WHAT YOU WILL DO — The lines to copy are those in the records below that hold the word "schematic".

↓↓↓

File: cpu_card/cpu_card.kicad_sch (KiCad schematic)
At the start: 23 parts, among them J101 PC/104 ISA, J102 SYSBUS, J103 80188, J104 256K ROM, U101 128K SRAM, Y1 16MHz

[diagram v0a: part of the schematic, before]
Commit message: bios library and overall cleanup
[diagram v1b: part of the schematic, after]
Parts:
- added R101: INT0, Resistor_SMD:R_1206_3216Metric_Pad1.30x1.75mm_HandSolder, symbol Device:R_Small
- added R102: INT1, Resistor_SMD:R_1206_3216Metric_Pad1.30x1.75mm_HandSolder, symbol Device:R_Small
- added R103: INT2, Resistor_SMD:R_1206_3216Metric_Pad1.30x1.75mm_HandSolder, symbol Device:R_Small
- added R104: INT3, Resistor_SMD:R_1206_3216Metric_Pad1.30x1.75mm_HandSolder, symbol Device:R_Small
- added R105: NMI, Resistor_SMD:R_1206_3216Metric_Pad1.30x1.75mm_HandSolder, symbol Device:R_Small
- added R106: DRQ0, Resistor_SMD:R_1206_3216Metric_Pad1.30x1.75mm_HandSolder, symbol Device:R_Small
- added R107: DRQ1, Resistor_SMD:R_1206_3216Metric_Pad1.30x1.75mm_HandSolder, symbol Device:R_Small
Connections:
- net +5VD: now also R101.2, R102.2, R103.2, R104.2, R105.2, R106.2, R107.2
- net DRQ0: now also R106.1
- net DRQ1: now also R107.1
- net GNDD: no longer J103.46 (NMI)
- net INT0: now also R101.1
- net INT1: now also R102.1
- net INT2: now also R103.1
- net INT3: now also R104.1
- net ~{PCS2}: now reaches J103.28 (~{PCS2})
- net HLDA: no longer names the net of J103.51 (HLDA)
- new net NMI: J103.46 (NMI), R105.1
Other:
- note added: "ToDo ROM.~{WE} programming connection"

↑↑↑

EXERCISE RESPONSE —
File: cpu_card/cpu_card.kicad_sch (KiCad schematic)
[diagram v0a: part of the schematic, before]
[diagram v1b: part of the schematic, after]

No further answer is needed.